Technical skills assessment in a coronary angiography simulator for construct validation.

INTRODUCTION: The aim of this study was to evaluate technical skills in a coronary angiography (CA) simulator to establish the performance level of trainees and experts in virtual CA.The traditional master-apprentice way of learning CA is by practicing on patients despite a known risk for complications during training. Safe CA training is warranted, and simulators might be one possibility. Simulators used must be validated regarding their ability to separate trainees from experts. Construct validation of a CA simulator, to our knowledge, has not yet been published. METHODS: Ten cardiology residents without experience in CA, 4 intermediate, and 10 CA experts performed 5 CAs in the Mentice VIST (Vascular Intervention Simulation Trainer). Metrics reflecting proficiency skills such as total procedure time, fluoroscopy time, and contrast volume were extracted from the simulator computer and compared between the groups. All examinations were videotaped, and the number of handling errors was examined. The videos were evaluated by 2 experts blinded to the test object's performance level. RESULTS: Experts outperformed trainees in all metrics measured by the simulator. Improvement was demonstrated in all metrics through all 5 CAs. Furthermore, beginners had more handling errors compared with experts. CONCLUSIONS: Mentice VIST simulator can distinguish between trainees and experts in CA in the metrics extracted from the computer and therefore prove the concept of construct validity.

The use of fluoroscopy to construct learning curves for coronary angiography.

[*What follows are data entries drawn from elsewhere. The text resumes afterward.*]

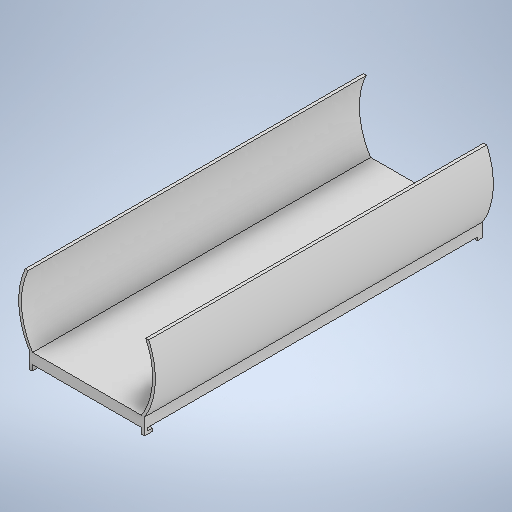
# Autodesk Inventor part: PCB Battery Tray
Saved by Autodesk Inventor 2025 (Build 290162000, 162)
## iProperties
Created: 2024-07-12
Part Number: PCB Battery Tray
Material: Generic
Document SubType Name: Modeling
Designer: track
Density: 1 g/cm^3
Appearance: Default
Author: track
## iProperties of the stored document PCB Battery Tray_3DPrint.ipt
Created: 2024-07-12
Part Number: PCB Battery Tray_3DPrint
Material: Generic
Document SubType Name: Modeling
Designer: track
Density: 1 g/cm^3
Appearance: Default
Author: track
Autodesk Inventor part; units mm, degrees
ref_plane "YZ Plane" through (0, 0, 0) normal (1, 0, 0) x (0, 1, 0)
ref_plane "XZ Plane" through (0, 0, 0) normal (0, 1, 0) x (-1, 0, 0)
ref_plane "XY Plane" through (0, 0, 0) normal (0, 0, 1) x (1, 0, 0)
sketch "Sketch1" plane through (0, 0, 0) normal (0, 0, 1) x (1, 0, 0)
  line L0 (0, 0) -> (0, 2.54)
  line L1 (0, 2.54) -> (35.6964, 2.54)
  line L2 (35.6964, 2.54) -> (35.6964, 0)
  line L3 (-0.889, 0) -> (-0.889, 3.429)
  line L4 (-0.889, 3.429) -> (36.5854, 3.429)
  line L5 (36.5854, 3.429) -> (36.5854, 0)
  line L6 (-0.889, 0) -> (0, 0)
  line L7 (35.6964, 0) -> (36.5854, 0)
  line L8 (33.7232, 32.179) -> (1.9732, 32.179)
  arc A0 (36.5854, 3.429) -> (33.7232, 32.179) centre (16.0324, 15.9003) ccw
  line L9 (17.8482, 3.429) -> (17.8482, 32.179) construction
  arc A1 (1.9732, 32.179) -> (-0.889, 3.429) centre (19.664, 15.9003) ccw
  line L10 (40.0732, 15.9003) -> (-4.3768, 15.9003)
  arc A2 (35.5381, 3.429) -> (33.3287, 31.29) centre (16.0324, 15.9003) ccw
  line L11 (33.3287, 31.29) -> (2.3677, 31.29)
  arc A3 (2.3677, 31.29) -> (0.1583, 3.429) centre (19.664, 15.9003) ccw
  dimension "d0" = 35.6964
  dimension "d1" = 2.54
  dimension "d2" = 2.54
  dimension "d3" = 0.889
  dimension "d11" = 28.75
  dimension "d14" = 31.75
  dimension "d15" = 0
  dimension "d16" = 44.45
  dimension "d17" = 0.889
  constraints: 24 end point, 10 point on circle, 4 centre point, 4 perpendicular, 3 horizontal, 2 midpoint, 2 point on line, 1 collinear, 1 vertical, 5 other
  measures "d0" distance of L0.end L1.end
  measures "d1" distance of L1.end L2.end
  measures "d2" distance of L0.start L0.end
  measures "d3" distance between parallel lines of L3 L0
  measures "d11" distance between parallel lines of L4 L8
  measures "d14" distance of L8.start L8.end
  measures "d15" distance from line of A0.centre L10
  measures "d16" distance of L10.start L10.end
  measures "d17" radial gap between concentric circles of A0 A2
extrude "Extrusion1" add sketch "Sketch1" against normal blind 110 contours L6 L3 L4 L5 L7 L2 L1 L0 | A1 L10 A3 L4 | A1 L8 A0 L10 A2 L11 A3 | A2 L10 A0 L4
sketch "Sketch2" plane through (0, 0, 0) normal (0, 0, 1) x (1, 0, 0)
  line L0 (-0.889, 3.429) -> (36.5854, 3.429)
  line L1 (36.5854, 3.429) -> (36.5854, 0)
  line L2 (36.5854, 0) -> (-0.889, 0)
  line L3 (-0.889, 0) -> (-0.889, 3.429)
  line L4 (36.5854, 0) -> (36.5854, 3.429) projected
  line L5 (35.6964, 0) -> (36.5854, 0) projected
  line L6 (35.5381, 3.429) -> (0.1583, 3.429) projected
  line L7 (-0.889, 3.429) -> (-0.889, 0) projected
  constraints: 8 end point, 4 collinear, 2 parallel, 1 horizontal, 1 perpendicular
extrude "Extrusion2" add sketch "Sketch2" against normal blind 1
sketch "Sketch3" plane through (0, 0, -110) normal (0, 0, -1) x (-1, 0, 0)
  arc A0 (-33.7232, 32.179) -> (-36.5854, 3.429) centre (-16.0324, 15.9003) ccw projected
  line L0 (-37.9272, 25.829) -> (2.2308, 25.829)
  line L1 (2.2308, 25.829) -> (2.2308, 32.179)
  line L2 (2.2308, 32.179) -> (-37.9272, 32.179)
  line L3 (-37.9272, 32.179) -> (-37.9272, 25.829)
  line L4 (-1.9732, 32.179) -> (-33.7232, 32.179) projected
  line L5 (-17.8482, 32.179) -> (-17.8482, 3.429)
  line L6 (-35.5381, 3.429) -> (-0.1583, 3.429) projected
  point P0 (0, 0)
  dimension "d18" = 0
  dimension "d19" = 6.35
  constraints: 10 end point, 2 midpoint, 2 parallel, 1 horizontal, 1 perpendicular, 1 point on circle, 1 vertical, 1 other
  measures "d18" distance between parallel lines of L4 L2
  measures "d19" distance of L2.end L0.start
extrude "Extrusion3" cut sketch "Sketch3" against normal through all contours L2 L5 L0 A0 | L2 L1 L0 L5
sketch "Sketch4" plane through (0, 0, 0) normal (0, 0, 1) x (1, 0, 0)
  line L0 (35.6964, 0) -> (35.6964, 2.54) projected
  line L1 (35.6964, 0) -> (36.5854, 0)
  line L2 (36.5854, 0) -> (36.5854, -0.889)
  line L3 (36.5854, -0.889) -> (35.6964, -0.889)
  line L4 (35.6964, -0.889) -> (35.6964, 0)
  line L5 (36.5854, 0) -> (36.5854, 3.429) projected
  line L6 (0, 0) -> (-0.889, 0)
  line L7 (-0.889, 0) -> (-0.889, -0.889)
  line L8 (-0.889, -0.889) -> (0, -0.889)
  line L9 (0, -0.889) -> (0, 0)
  line L10 (-0.889, 3.429) -> (-0.889, 0) projected
  dimension "d23" = 0.889
  dimension "d24" = 0.889
  constraints: 16 end point, 4 parallel, 2 collinear, 2 horizontal, 2 perpendicular
  measures "d23" distance of L1.end L2.end
  measures "d24" distance of L8.end L6.start
extrude "Extrusion4" add sketch "Sketch4" against normal blind 1
sketch "Sketch5" plane through (-0.889, -0.889, 0) normal (0, -1, 0) x (1, 0, 0)
  line L0 (0.889, 0) -> (0.889, -1) projected
  line L1 (0, -1) -> (0, -110) projected
  line L2 (0.889, 0) -> (0, 0)
  line L3 (0, 0) -> (0, -2.54)
  line L4 (0, -2.54) -> (0.889, -2.54)
  line L5 (0.889, -2.54) -> (0.889, 0)
  line L6 (37.4744, 0) -> (37.4744, -110) projected
  line L7 (37.4744, 0) -> (36.5854, 0)
  line L8 (36.5854, 0) -> (36.5854, -2.54)
  line L9 (36.5854, -2.54) -> (37.4744, -2.54)
  line L10 (37.4744, -2.54) -> (37.4744, 0)
  line L11 (36.5854, -1) -> (36.5854, -110) projected
  dimension "d27" = 2.54
  dimension "d28" = 2.54
  constraints: 16 end point, 4 parallel, 2 horizontal, 2 perpendicular, 1 collinear, 1 point on line
  measures "d27" distance of L4.end L0.start
  measures "d28" distance of L7.end L8.end
extrude "Extrusion5" add sketch "Sketch5" along normal blind 1
sketch "Sketch6" plane through (35.6964, 0, -110) normal (0, -1, 0) x (1, 0, 0)
  line L0 (0.889, 110) -> (0.889, 0) projected
  line L1 (0, 109) -> (0, 0) projected
  line L2 (0.889, 0) -> (0, 0)
  line L3 (0, 0) -> (0, 1.651)
  line L4 (0, 1.651) -> (0.889, 1.651)
  line L5 (0.889, 1.651) -> (0.889, 0)
  line L6 (-36.5854, 109) -> (-36.5854, 0) projected
  line L7 (-35.6964, 109) -> (-35.6964, 0) projected
  line L8 (-36.5854, 0) -> (-35.6964, 0)
  line L9 (-35.6964, 0) -> (-35.6964, 1.651)
  line L10 (-35.6964, 1.651) -> (-36.5854, 1.651)
  line L11 (-36.5854, 1.651) -> (-36.5854, 0)
  point P0 (-35.6964, 110)
  point P1 (-36.5854, 1.651)
  point P2 (0.889, 1.651)
  dimension "d31" = 1.651
  dimension "d32" = 1.651
  constraints: 16 end point, 4 parallel, 2 horizontal, 2 perpendicular, 2 point on line
  measures "d31" distance between parallel lines of L4 L2
  measures "d32" distance between parallel lines of L8 L10
extrude "Extrusion6" add sketch "Sketch6" along normal blind 1
body "Solid1"

OBJECTIVES: The aim of this study was to assess learning curves for coronary angiography using registry data from the Swedish Coronary Angiography and Angioplasty Registry (SCAAR). BACKGROUND: ACC and ESC guidelines for cardiologists in training recommend 200-300 coronary angiographies as primary operator. Whether this is safe or sufficient to reach an adequate proficiency level is not known. The development of learning curves and factors that can determine progress is not yet clearly stated. METHODS: We extracted data from SCAAR 2005-2009 and identified 20 novel and 21 expert operators in coronary angiography during this observation period. Metrics possibly influenced by proficiency level were compared between the two groups. Learning curves were then identified with the expert's performance as reference defined as interquartile range (IQR). RESULTS: Data from a total of 24,000 coronary angiographies were examined. Beginners used similar volumes of contrast but had longer fluoroscopy time compared with experts. Fluoroscopy time appeared to be a metric that demonstrated a clear learning curve and beginners reached experts IQR in 50 % (median) of the procedures after ∼140 coronary angiographies. The risk of complications was independently associated with fluoroscopy time. CONCLUSIONS: Fluoroscopy time seems to be the best metric to determine coronary angiography performance level and might therefore be a good proficiency measure during training. On the basis of our results we recommend the trainee to perform at least 150 coronary angiographies during supervision before proceeding with unsupervised procedures. It is not clear if the suggested number of procedures will result in decreased number of complications but the data suggests that fluoroscopy time might be a surrogate marker for complications.